* **Task directions**:
Your response should contain only the lines running from the top of the data below through the line with "line L11 (58, 63) -> (75, 63)", both included. Pictures must be omitted.

* **Data under study**:
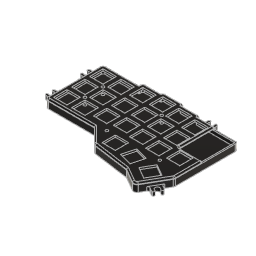
case-tenting-snap (Autodesk Fusion 360 design; units mm, degrees)
Autodesk Fusion 360 part; units mm, degrees
sketch "top_plate" plane through (0, 0, 0) normal (0, 0, 1) x (1, 0, 0)
  arc A0 (37, 57) -> (38, 58) centre (37, 58) ccw
  circle A1 centre (19, 38) radius 1.4
  circle A2 centre (76, 43) radius 1.4
  line L0 (117.5, 20.5) -> (131.5, 20.5)
  arc A3 (114, 24.5) -> (115.5, 23) centre (115.5, 24.5) ccw
  line L1 (95, 60) -> (95, 60)
  line L2 (95, 60) -> (95, 60)
  line L3 (96, 59) -> (112.5, 59)
  arc A4 (66.595, -15.7544) -> (67.4469, -16.1791) centre (67.6556, -14.6937) ccw
  line L4 (123.2697, -29.8066) -> (136.7998, -6.3468)
  arc A5 (106.318, -21.7524) -> (105.7767, -21.566) centre (105.568, -23.0514) ccw
  circle A6 centre (19, 19) radius 1.4
  line L5 (131.5, 20.5) -> (131.5, 6.5)
  line L6 (111.6878, -16.8122) -> (118.6878, -4.6878)
  line L7 (57, 62) -> (57, 62)
  arc A7 (0, 1.5) -> (1.5, 0) centre (1.5, 1.5) ccw
  line L8 (69.5, -13.5) -> (69.5, 0.5)
  line L9 (121.2203, -30.3563) -> (106.318, -21.7524)
  line L10 (118.6878, -4.6878) -> (130.8122, -11.6878)
  line L11 (58, 63) -> (75, 63)
  line L12 (38, 58) -> (38, 60)
  circle A8 centre (61, 0) radius 1.4
  line L13 (1.5, 57) -> (37, 57)
  line L14 (66.595, -15.7544) -> (51.2799, -0.4393)
  line L15 (93.5503, -0.9268) -> (107.0732, -4.5503)
  arc A9 (1.5, 57) -> (0, 55.5) centre (1.5, 55.5) ccw
  arc A10 (95, 60) -> (96, 59) centre (96, 60) ccw
  line L16 (117.5, 6.5) -> (117.5, 20.5)
  line L17 (135.5004, 23) -> (115.5, 23)
  line L18 (114, 24.5) -> (114, 57.5)
  arc A11 (121.2203, -30.3563) -> (123.2697, -29.8066) centre (121.9703, -29.0572) ccw
  arc A12 (136.7998, -6.3468) -> (137.0004, -5.5974) centre (135.5004, -5.5974) ccw
  arc A13 (76, 62) -> (75, 63) centre (75, 62) ccw
  line L19 (105.7767, -21.566) -> (67.4469, -16.1791)
  line L20 (123.8122, -23.8122) -> (111.6878, -16.8122)
  arc A14 (56, 61) -> (57, 62) centre (56, 62) ccw
  line L21 (0, 55.5) -> (0, 1.5)
  arc A15 (58, 63) -> (57, 62) centre (58, 62) ccw
  circle A16 centre (116, 1) radius 1.4
  arc A17 (39, 61) -> (38, 60) centre (39, 60) ccw
  line L22 (76, 62) -> (76, 62)
  line L23 (57, 62) -> (57, 62)
  line L24 (107.0732, -4.5503) -> (103.4497, -18.0732)
  line L25 (103.4497, -18.0732) -> (89.9268, -14.4497)
  line L26 (137.0004, 21.5) -> (137.0004, -5.5974)
  arc A18 (76, 62) -> (77, 61) centre (77, 62) ccw
  line L27 (89.9268, -14.4497) -> (93.5503, -0.9268)
  line L28 (76, 62) -> (76, 62)
  line L29 (1.5, 0) -> (50.2193, 0)
  line L30 (2.5, 40.5) -> (16.5, 40.5)
  line L31 (16.5, 40.5) -> (16.5, 54.5)
  line L32 (2.5, 54.5) -> (2.5, 40.5)
  line L33 (21.5, 2.5) -> (35.5, 2.5)
  line L34 (16.5, 35.5) -> (2.5, 35.5)
  line L35 (35.5, 2.5) -> (35.5, 16.5)
  line L36 (35.5, 21.5) -> (35.5, 35.5)
  line L37 (21.5, 16.5) -> (21.5, 2.5)
  line L38 (16.5, 54.5) -> (2.5, 54.5)
  line L39 (16.5, 21.5) -> (16.5, 35.5)
  line L40 (35.5, 16.5) -> (21.5, 16.5)
  line L41 (2.5, 35.5) -> (2.5, 21.5)
  line L42 (21.5, 21.5) -> (35.5, 21.5)
  line L43 (35.5, 35.5) -> (21.5, 35.5)
  line L44 (69.5, 0.5) -> (83.5, 0.5)
  line L45 (2.5, 21.5) -> (16.5, 21.5)
  line L46 (111.5, 42.5) -> (97.5, 42.5)
  line L47 (59.5, 8.5) -> (59.5, 22.5)
  line L48 (111.5, 37.5) -> (111.5, 23.5)
  line L49 (73.5, 46.5) -> (59.5, 46.5)
  line L50 (73.5, 41.5) -> (73.5, 27.5)
  line L51 (73.5, 22.5) -> (73.5, 8.5)
  line L52 (97.5, 18.5) -> (111.5, 18.5)
  line L53 (92.5, 39.5) -> (78.5, 39.5)
  line L54 (40.5, 20.5) -> (40.5, 6.5)
  line L55 (59.5, 27.5) -> (59.5, 41.5)
  line L56 (111.5, 4.5) -> (97.5, 4.5)
  line L57 (54.5, 44.5) -> (54.5, 58.5)
  line L58 (54.5, 20.5) -> (40.5, 20.5)
  line L59 (16.5, 2.5) -> (16.5, 16.5)
  line L60 (40.5, 39.5) -> (40.5, 25.5)
  line L61 (21.5, 40.5) -> (35.5, 40.5)
  line L62 (97.5, 56.5) -> (111.5, 56.5)
  line L63 (59.5, 60.5) -> (73.5, 60.5)
  line L64 (40.5, 44.5) -> (54.5, 44.5)
  line L65 (111.5, 56.5) -> (111.5, 42.5)
  line L66 (40.5, 25.5) -> (54.5, 25.5)
  line L67 (35.5, 40.5) -> (35.5, 54.5)
  arc A19 (95, 60) -> (94, 61) centre (94, 60) ccw
  line L68 (97.5, 23.5) -> (97.5, 37.5)
  line L69 (35.5, 54.5) -> (21.5, 54.5)
  line L70 (78.5, 39.5) -> (78.5, 25.5)
  line L71 (59.5, 22.5) -> (73.5, 22.5)
  line L72 (92.5, 44.5) -> (92.5, 58.5)
  line L73 (111.5, 23.5) -> (97.5, 23.5)
  line L74 (92.5, 25.5) -> (92.5, 39.5)
  line L75 (131.5, 6.5) -> (117.5, 6.5)
  line L76 (97.5, 4.5) -> (97.5, 18.5)
  line L77 (54.5, 58.5) -> (40.5, 58.5)
  line L78 (83.5, 0.5) -> (83.5, -13.5)
  line L79 (73.5, 8.5) -> (59.5, 8.5)
  line L80 (111.5, 18.5) -> (111.5, 4.5)
  line L81 (21.5, 35.5) -> (21.5, 21.5)
  line L82 (92.5, 6.5) -> (92.5, 20.5)
  line L83 (16.5, 16.5) -> (2.5, 16.5)
  line L84 (59.5, 41.5) -> (73.5, 41.5)
  line L85 (78.5, 6.5) -> (92.5, 6.5)
  line L86 (40.5, 58.5) -> (40.5, 44.5)
  line L87 (92.5, 20.5) -> (78.5, 20.5)
  line L88 (54.5, 25.5) -> (54.5, 39.5)
  line L89 (2.5, 16.5) -> (2.5, 2.5)
  line L90 (73.5, 27.5) -> (59.5, 27.5)
  line L91 (78.5, 25.5) -> (92.5, 25.5)
  line L92 (54.5, 6.5) -> (54.5, 20.5)
  line L93 (92.5, 58.5) -> (78.5, 58.5)
  arc A20 (137.0004, 21.5) -> (135.5004, 23) centre (135.5004, 21.5) ccw
  line L94 (130.8122, -11.6878) -> (123.8122, -23.8122)
  line L95 (39, 61) -> (56, 61)
  line L96 (77, 61) -> (94, 61)
  line L97 (40.5, 6.5) -> (54.5, 6.5)
  arc A21 (114, 57.5) -> (112.5, 59) centre (112.5, 57.5) ccw
  line L98 (97.5, 42.5) -> (97.5, 56.5)
  line L99 (78.5, 44.5) -> (92.5, 44.5)
  line L100 (21.5, 54.5) -> (21.5, 40.5)
  line L101 (73.5, 60.5) -> (73.5, 46.5)
  line L102 (59.5, 46.5) -> (59.5, 60.5)
  line L103 (54.5, 39.5) -> (40.5, 39.5)
  line L104 (78.5, 58.5) -> (78.5, 44.5)
  arc A22 (51.2799, -0.4393) -> (50.2193, 0) centre (50.2193, -1.5) ccw
  line L105 (97.5, 37.5) -> (111.5, 37.5)
  line L106 (83.5, -13.5) -> (69.5, -13.5)
  line L107 (2.5, 2.5) -> (16.5, 2.5)
  line L108 (78.5, 20.5) -> (78.5, 6.5)
  line L109 (77.8284, 63) -> (94, 63)
  arc A23 (96.8284, 61) -> (94, 63) centre (94, 60) ccw
  line L110 (96.8284, 61) -> (112.5, 61)
  line L111 (139.0004, 21.5) -> (139.0004, -5.5974)
  arc A24 (138.5323, -7.346) -> (139.0004, -5.5974) centre (135.5004, -5.5974) ccw
  line L112 (125.0022, -30.8058) -> (138.5323, -7.346)
  arc A25 (120.2203, -32.0883) -> (125.0022, -30.8058) centre (121.9703, -29.0572) ccw
  line L113 (120.2203, -32.0883) -> (105.4021, -23.5331)
  line L114 (105.4021, -23.5331) -> (67.1685, -18.1597)
  arc A26 (65.1808, -17.1686) -> (67.1685, -18.1597) centre (67.6556, -14.6937) ccw
  line L115 (65.1808, -17.1686) -> (50.0122, -2)
  line L116 (1.5, -2) -> (50.0122, -2)
  arc A27 (-2, 1.5) -> (1.5, -2) centre (1.5, 1.5) ccw
  line L117 (-2, 55.5) -> (-2, 1.5)
  arc A28 (1.5, 59) -> (-2, 55.5) centre (1.5, 55.5) ccw
  line L118 (1.5, 59) -> (36, 59)
  line L119 (36, 59) -> (36, 60)
  arc A29 (39, 63) -> (36, 60) centre (39, 60) ccw
  line L120 (39, 63) -> (55.1716, 63)
  arc A30 (58, 65) -> (55.1716, 63) centre (58, 62) ccw
  line L121 (58, 65) -> (75, 65)
  arc A31 (77.8284, 63) -> (75, 65) centre (75, 62) ccw
  line L122 (114, 57.5) -> (114, 59.5)
  line L123 (135.5004, 23) -> (137.5004, 23)
  arc A32 (114, 59.5) -> (112.5, 61) centre (112.5, 59.5) ccw
  arc A33 (139.0004, 21.5) -> (137.5004, 23) centre (137.5004, 21.5) ccw
  dimension "d10" = 1.5
  dimension "d11" = 1.5
  constraint tangent A21 L122
  constraint perpendicular L110 L122
  constraint parallel L96 L109
  constraint concentric A19 A23
  constraint parallel L3 L110
  constraint parallel L26 L111
  constraint concentric A12 A24
  constraint parallel L4 L112
  constraint concentric A11 A25
  constraint parallel L9 L113
  constraint parallel L19 L114
  constraint concentric A4 A26
  constraint parallel L14 L115
  constraint parallel L29 L116
  constraint concentric A7 A27
  constraint parallel L21 L117
  constraint concentric A9 A28
  constraint parallel L13 L118
  constraint parallel L12 L119
  constraint concentric A17 A29
  constraint parallel L95 L120
  constraint concentric A15 A30
  constraint parallel L11 L121
  constraint concentric A13 A31
  constraint tangent L109 A23
  constraint tangent A29 L120
  constraint tangent L111 A24
  constraint tangent A24 L112
  constraint tangent L112 A25
  constraint tangent A25 L113
  constraint tangent L114 A26
  constraint tangent A26 L115
  constraint tangent L116 A27
  constraint tangent A27 L117
  constraint tangent L117 A28
  constraint tangent A28 L118
  constraint tangent L119 A29
  constraint tangent A30 L121
  constraint tangent L121 A31
  constraint tangent A20 L123
  constraint perpendicular L111 L123
  constraint tangent L110 A32
  constraint tangent L122 A32
  constraint tangent L123 A33
  constraint tangent L111 A33
  measures "d10" radius of A32
  measures "d11" radius of A33
extrude "Extrude4" add sketch "top_plate" along normal blind 2 makes body 1
fillet "Fillet1" radius 1.5 27 edges at (18.75, 59, 2) (-0.9749, 57.9749, 2) (-2, 28.5, 2) (-0.9749, -0.9749, 2) (25.7561, -2, 2) (57.5965, -9.5843, 2) (66.0939, -17.826, 2) (86.2853, -20.8464, 2) (112.8112, -27.8107, 2) (122.8769, -32.4378, 2) (131.7673, -19.0759, 2) (138.8814, -6.5025, 2) (139.0004, 7.9513, 2) (138.5611, 22.5607, 2) (126.5002, 23, 2) (114.4393, 23.4393, 2) (114, 42, 2) (113.5607, 60.5607, 2) (104.6642, 61, 2) (95.7321, 62.4495, 2) (85.9142, 63, 2) (76.7321, 64.4495, 2) (66.5, 65, 2) (56.2679, 64.4495, 2) (47.0858, 63, 2) (36.8787, 62.1213, 2) (36, 59.5, 2) on bodies 1
sketch "bottom_plate" plane through (0, 0, 0) normal (0, 0, 1) x (1, 0, 0) in component "case-bottom"
  circle A0 centre (19, 38) radius 1.4
  circle A1 centre (61, 0) radius 1.4
  circle A2 centre (116, 1) radius 1.4
  arc A3 (56, 61) -> (57, 62) centre (56, 62) ccw
  circle A4 centre (76, 43) radius 1.4
  line L0 (121.2203, -30.3563) -> (106.318, -21.7524)
  line L1 (76, 62) -> (76, 62)
  line L2 (57, 62) -> (57, 62)
  line L3 (105.7767, -21.566) -> (67.4469, -16.1791)
  arc A5 (121.2203, -30.3563) -> (123.2697, -29.8066) centre (121.9703, -29.0572) ccw
  arc A6 (136.7994, -6.3479) -> (137, -5.5984) centre (135.5, -5.5984) ccw
  arc A7 (106.318, -21.7524) -> (105.7767, -21.566) centre (105.568, -23.0514) ccw
  arc A8 (76, 62) -> (75, 63) centre (75, 62) ccw
  line L4 (58, 63) -> (75, 63)
  arc A9 (95, 60) -> (96, 59) centre (96, 60) ccw
  arc A10 (0, 1.5) -> (1.5, 0) centre (1.5, 1.5) ccw
  arc A11 (51.2799, -0.4393) -> (50.2193, 0) centre (50.2193, -1.5) ccw
  line L5 (123.2697, -29.8066) -> (136.7994, -6.3479)
  arc A12 (37, 57) -> (38, 58) centre (37, 58) ccw
  arc A13 (66.595, -15.7544) -> (67.4469, -16.1791) centre (67.6556, -14.6937) ccw
  line L6 (1.5, 0) -> (50.2193, 0)
  line L7 (38, 58) -> (38, 60)
  line L8 (76, 62) -> (76, 62)
  line L9 (39, 61) -> (56, 61)
  arc A14 (39, 61) -> (38, 60) centre (39, 60) ccw
  line L10 (95, 60) -> (95, 60)
  line L11 (95, 60) -> (95, 60)
  line L12 (66.595, -15.7544) -> (51.2799, -0.4393)
  line L13 (0, 55.5) -> (0, 1.5)
  line L14 (1.5, 57) -> (37, 57)
  arc A15 (1.5, 57) -> (0, 55.5) centre (1.5, 55.5) ccw
  line L15 (77, 61) -> (94, 61)
  line L16 (57, 62) -> (57, 62)
  arc A16 (58, 63) -> (57, 62) centre (58, 62) ccw
  circle A17 centre (19, 19) radius 1.4
  line L17 (137, 57.5) -> (137, -5.5984)
  arc A18 (137, 57.5) -> (135.5, 59) centre (135.5, 57.5) ccw
  arc A19 (76, 62) -> (77, 61) centre (77, 62) ccw
  line L18 (95, 60) -> (95, 60)
  arc A20 (95, 60) -> (94, 61) centre (94, 60) ccw
  line L19 (96, 59) -> (135.5, 59)
  line L20 (96.8284, 61) -> (98, 61)
  arc A21 (139, 57.5) -> (135.5, 61) centre (135.5, 57.5) ccw
  line L21 (139, 57.5) -> (139, -5.5984)
  arc A22 (138.5319, -7.3471) -> (139, -5.5984) centre (135.5, -5.5984) ccw
  line L22 (135.2589, -13.0219) -> (138.5319, -7.3471)
  arc A23 (120.2203, -32.0883) -> (125.0022, -30.8059) centre (121.9703, -29.0572) ccw
  line L23 (120.2203, -32.0883) -> (105.4021, -23.5331)
  line L24 (105.4021, -23.5331) -> (67.1685, -18.1597)
  arc A24 (65.1808, -17.1686) -> (67.1685, -18.1597) centre (67.6556, -14.6937) ccw
  line L25 (65.1808, -17.1686) -> (50.0122, -2)
  line L26 (1.5, -2) -> (50.0122, -2)
  arc A25 (-2, 1.5) -> (1.5, -2) centre (1.5, 1.5) ccw
  line L27 (-2, 40.021) -> (-2, 17)
  arc A26 (1.5, 59) -> (-2, 55.5) centre (1.5, 55.5) ccw
  line L28 (1.5, 59) -> (36, 59)
  line L29 (36, 59) -> (36, 60)
  arc A27 (39, 63) -> (36, 60) centre (39, 60) ccw
  line L30 (39, 63) -> (55.1716, 63)
  arc A28 (58, 65) -> (55.1716, 63) centre (58, 62) ccw
  line L31 (58, 65) -> (75, 65)
  arc A29 (77.8284, 63) -> (75, 65) centre (75, 62) ccw
  line L32 (77.8284, 63) -> (94, 63)
  arc A30 (96.8284, 61) -> (94, 63) centre (94, 60) ccw
  arc A31 (95.5, 60) -> (96, 59.5) centre (96, 60) ccw
  line L33 (96, 59.5) -> (135.5, 59.5)
  arc A32 (137.5, 57.5) -> (135.5, 59.5) centre (135.5, 57.5) ccw
  line L34 (137.5, 57.5) -> (137.5, -5.5984)
  arc A33 (137.2325, -6.5977) -> (137.5, -5.5984) centre (135.5, -5.5984) ccw
  line L35 (123.7028, -30.0564) -> (137.2325, -6.5977)
  arc A34 (120.9703, -30.7893) -> (123.7028, -30.0564) centre (121.9703, -29.0572) ccw
  line L36 (120.9703, -30.7893) -> (106.068, -22.1854)
  arc A35 (106.068, -22.1854) -> (105.7071, -22.0612) centre (105.568, -23.0514) ccw
  line L37 (105.7071, -22.0612) -> (67.3773, -16.6743)
  arc A36 (66.2414, -16.1079) -> (67.3773, -16.6743) centre (67.6556, -14.6937) ccw
  line L38 (66.2414, -16.1079) -> (50.9264, -0.7929)
  arc A37 (50.9264, -0.7929) -> (50.2193, -0.5) centre (50.2193, -1.5) ccw
  line L39 (1.5, -0.5) -> (50.2193, -0.5)
  arc A38 (-0.5, 1.5) -> (1.5, -0.5) centre (1.5, 1.5) ccw
  line L40 (-0.5, 55.5) -> (-0.5, 1.5)
  arc A39 (1.5, 57.5) -> (-0.5, 55.5) centre (1.5, 55.5) ccw
  line L41 (1.5, 57.5) -> (37, 57.5)
  arc A40 (37, 57.5) -> (37.5, 58) centre (37, 58) ccw
  line L42 (37.5, 58) -> (37.5, 60)
  arc A41 (39, 61.5) -> (37.5, 60) centre (39, 60) ccw
  line L43 (39, 61.5) -> (56, 61.5)
  arc A42 (56, 61.5) -> (56.5, 62) centre (56, 62) ccw
  arc A43 (58, 63.5) -> (56.5, 62) centre (58, 62) ccw
  line L44 (58, 63.5) -> (75, 63.5)
  arc A44 (76.5, 62) -> (75, 63.5) centre (75, 62) ccw
  arc A45 (76.5, 62) -> (77, 61.5) centre (77, 62) ccw
  line L45 (77, 61.5) -> (94, 61.5)
  arc A46 (95.5, 60) -> (94, 61.5) centre (94, 60) ccw
  line L46 (1.5, 57) -> (1.5, 47) construction
  line L47 (1.5, 0) -> (1.5, 10) construction
  line L48 (1.5, 47) -> (-7.1381, 47) construction
  line L49 (1.5, 10) -> (-7, 10) construction
  circle A47 centre (-7, 10) radius 5 construction
  line L50 (-7, 10) -> (-7, 15) construction
  line L51 (-7, 10) -> (-7, 5) construction
  line L52 (-7, 15) -> (-4, 15)
  line L53 (-7, 5) -> (-4, 5)
  circle A48 centre (-7, 10) radius 2.6
  arc A49 (-7, 15) -> (-9.1131, 14.5315) centre (-7, 10) ccw
  line L54 (-7, 10) -> (-7, 15) construction
  line L55 (-7, 10) -> (-9.1131, 14.5315) construction
  arc A50 (-9.1131, 5.4685) -> (-7, 5) centre (-7, 10) ccw
  line L56 (-7, 10) -> (-9.1131, 5.4685) construction
  line L57 (-7, 10) -> (-7, 5) construction
  line L58 (-9.1131, 14.5315) -> (-8.0988, 12.3564) construction
  line L59 (-9.1131, 5.4685) -> (-8.0988, 7.6436) construction
  arc A51 (-9.1131, 14.5315) -> (-8.0988, 12.3564) centre (-8.6059, 13.444) ccw
  line L60 (-8.6059, 13.444) -> (-9.1131, 14.5315) construction
  line L61 (-8.6059, 13.444) -> (-8.0988, 12.3564) construction
  arc A52 (-8.0988, 7.6436) -> (-9.1131, 5.4685) centre (-8.6059, 6.556) ccw
  line L62 (-8.6059, 6.556) -> (-8.0988, 7.6436) construction
  line L63 (-8.6059, 6.556) -> (-9.1131, 5.4685) construction
  arc A53 (-8.2429, 44.7163) -> (-9.3647, 42.5946) centre (-8.8038, 43.6555) ccw
  arc A54 (-9.1407, 51.5463) -> (-8.1264, 49.3712) centre (-8.6335, 50.4587) ccw
  line L64 (-7.0276, 47.0148) -> (-7.2777, 42.021) construction
  arc A55 (-9.3647, 42.5946) -> (-7.2777, 42.021) centre (-7.0276, 47.0148) ccw
  line L65 (-8.6335, 50.4587) -> (-8.1264, 49.3712) construction
  line L66 (-7.1381, 47) -> (-7.2777, 42.021) construction
  line L67 (-7.1381, 47) -> (-7.0276, 52.0148) construction
  line L68 (-7.0276, 47.0148) -> (-7.0276, 52.0148) construction
  line L69 (-7.0276, 47.0148) -> (-9.3647, 42.5946) construction
  circle A56 centre (-7.0276, 47.0148) radius 2.6
  line L70 (-8.6335, 50.4587) -> (-9.1407, 51.5463) construction
  arc A57 (-7.0276, 52.0148) -> (-9.1407, 51.5463) centre (-7.0276, 47.0148) ccw
  line L71 (-9.1407, 51.5463) -> (-8.1264, 49.3712) construction
  line L72 (-9.3647, 42.5946) -> (-8.2429, 44.7163) construction
  line L73 (-7.0276, 47.0148) -> (-9.1407, 51.5463) construction
  line L74 (-8.8038, 43.6555) -> (-8.2429, 44.7163) construction
  line L75 (-8.8038, 43.6555) -> (-9.3647, 42.5946) construction
  line L76 (-7.0276, 52.0148) -> (-4, 52.0148)
  line L77 (-7.2777, 42.021) -> (-4, 42.021)
  circle A58 centre (-7.0276, 47.0148) radius 5 construction
  arc A59 (138.3204, -20.2245) -> (140.3715, -18.9783) centre (139.3459, -19.6014) ccw
  arc A60 (135.6648, -26.5557) -> (135.8729, -24.1647) centre (135.7688, -25.3602) ccw
  line L78 (136.0983, -21.5745) -> (138.8739, -17.4156) construction
  arc A61 (140.3715, -18.9783) -> (138.8739, -17.4156) centre (136.0983, -21.5745) ccw
  line L79 (135.7688, -25.3602) -> (135.8729, -24.1647) construction
  line L80 (136.6619, -21.0487) -> (138.8739, -17.4156) construction
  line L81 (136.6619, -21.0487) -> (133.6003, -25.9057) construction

* **Exercise answer**:
case-tenting-snap (Autodesk Fusion 360 design; units mm, degrees)
Autodesk Fusion 360 part; units mm, degrees
sketch "top_plate" plane through (0, 0, 0) normal (0, 0, 1) x (1, 0, 0)
  arc A0 (37, 57) -> (38, 58) centre (37, 58) ccw
  circle A1 centre (19, 38) radius 1.4
  circle A2 centre (76, 43) radius 1.4
  line L0 (117.5, 20.5) -> (131.5, 20.5)
  arc A3 (114, 24.5) -> (115.5, 23) centre (115.5, 24.5) ccw
  line L1 (95, 60) -> (95, 60)
  line L2 (95, 60) -> (95, 60)
  line L3 (96, 59) -> (112.5, 59)
  arc A4 (66.595, -15.7544) -> (67.4469, -16.1791) centre (67.6556, -14.6937) ccw
  line L4 (123.2697, -29.8066) -> (136.7998, -6.3468)
  arc A5 (106.318, -21.7524) -> (105.7767, -21.566) centre (105.568, -23.0514) ccw
  circle A6 centre (19, 19) radius 1.4
  line L5 (131.5, 20.5) -> (131.5, 6.5)
  line L6 (111.6878, -16.8122) -> (118.6878, -4.6878)
  line L7 (57, 62) -> (57, 62)
  arc A7 (0, 1.5) -> (1.5, 0) centre (1.5, 1.5) ccw
  line L8 (69.5, -13.5) -> (69.5, 0.5)
  line L9 (121.2203, -30.3563) -> (106.318, -21.7524)
  line L10 (118.6878, -4.6878) -> (130.8122, -11.6878)
  line L11 (58, 63) -> (75, 63)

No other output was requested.